Write only the number of lines in the data that include the word "paypal".

[Dataset records]
※ ※ ※

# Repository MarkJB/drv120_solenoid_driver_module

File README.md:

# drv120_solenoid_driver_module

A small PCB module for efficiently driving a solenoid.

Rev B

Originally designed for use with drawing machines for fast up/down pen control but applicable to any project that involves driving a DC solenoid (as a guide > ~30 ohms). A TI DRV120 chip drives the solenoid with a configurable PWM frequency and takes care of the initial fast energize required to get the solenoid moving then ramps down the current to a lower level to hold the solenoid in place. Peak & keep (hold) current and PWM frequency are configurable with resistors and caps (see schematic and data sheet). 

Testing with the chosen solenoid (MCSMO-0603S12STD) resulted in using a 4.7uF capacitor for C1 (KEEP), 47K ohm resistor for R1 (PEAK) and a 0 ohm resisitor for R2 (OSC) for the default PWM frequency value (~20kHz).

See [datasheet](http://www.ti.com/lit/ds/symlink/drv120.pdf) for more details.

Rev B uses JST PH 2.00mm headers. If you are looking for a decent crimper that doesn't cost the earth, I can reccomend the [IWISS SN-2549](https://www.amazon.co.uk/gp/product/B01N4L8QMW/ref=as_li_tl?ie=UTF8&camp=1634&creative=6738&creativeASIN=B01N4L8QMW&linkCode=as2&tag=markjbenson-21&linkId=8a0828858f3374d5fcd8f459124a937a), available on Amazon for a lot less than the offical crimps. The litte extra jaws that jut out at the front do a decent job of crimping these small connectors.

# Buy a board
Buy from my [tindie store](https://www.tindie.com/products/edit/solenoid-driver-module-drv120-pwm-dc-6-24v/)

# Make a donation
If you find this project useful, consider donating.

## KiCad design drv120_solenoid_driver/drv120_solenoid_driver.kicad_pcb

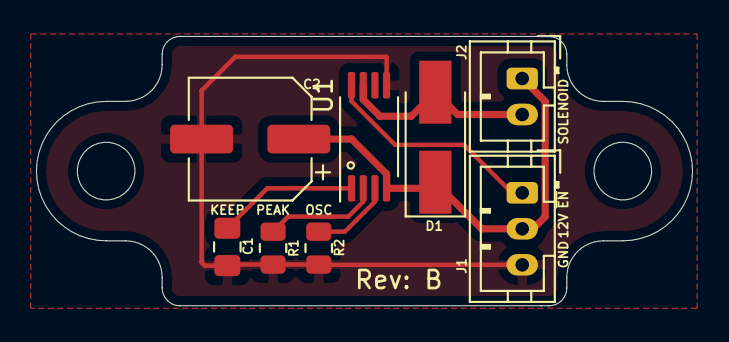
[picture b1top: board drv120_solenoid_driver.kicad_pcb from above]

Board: 2 copper layers, 36.4 x 15.0 mm, 8 parts (0 on the bottom side), 7 nets.

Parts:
C1: 1u; C_0805_2012Metric_Pad1.18x1.45mm_HandSolder
C2: 47u; CP_Elec_6.3x5.8
D1: D; D_SMA_Handsoldering
J1: PWR/EN; JST_PH_B3B-PH-K_1x03_P2.00mm_Vertical
J2: Solenoid; JST_PH_B2B-PH-K_1x02_P2.00mm_Vertical
R1, R2: 0; R_0805_2012Metric
U1: drv120; TSSOP-8_4.4x3mm_P0.65mm

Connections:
/Enable: J1.1, U1.8
GND: C1.2, C2.2, J1.3, R1.2, R2.2, U1.5
unnamed: C1.1, U1.1
unnamed: C2.1, D1.1, J1.2, J2.1, U1.4
unnamed: D1.2, J2.2, U1.7
unnamed: R1.1, U1.2
unnamed: R2.1, U1.3

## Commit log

2020-02-25 Single sided PCB
    First pass at a single sided PCB
2020-02-26 Single sided for engraver
2020-03-19 Double sided PCB v0.2
2020-03-20 Updated silk screen around connectors
2020-05-01 Add photo of prototype boards
2020-05-01 Add PDF of schematic
2021-10-21 Tab mounting version
    PCB design with mounting tabs on either side
2021-10-26 Changed to JST-PH 2.00 TH connectors
    Also changed input connector to a single 3 pin JST. Solenoid is on a 2 pin JST.
2021-10-26 Add production files
2021-11-10 Add component part numbers
2022-02-24 Add pin map, new images, schematic pdf and clean up old files
2022-02-24 Add tindie store link and paypal donation button
2022-02-24 Use shareable link/hosted button for paypal donate button.
2022-02-24 Add amazon affiliate link for IWISS crimpers
2022-02-24 Clean up

※ ※ ※

[ANSWER SECTION]
2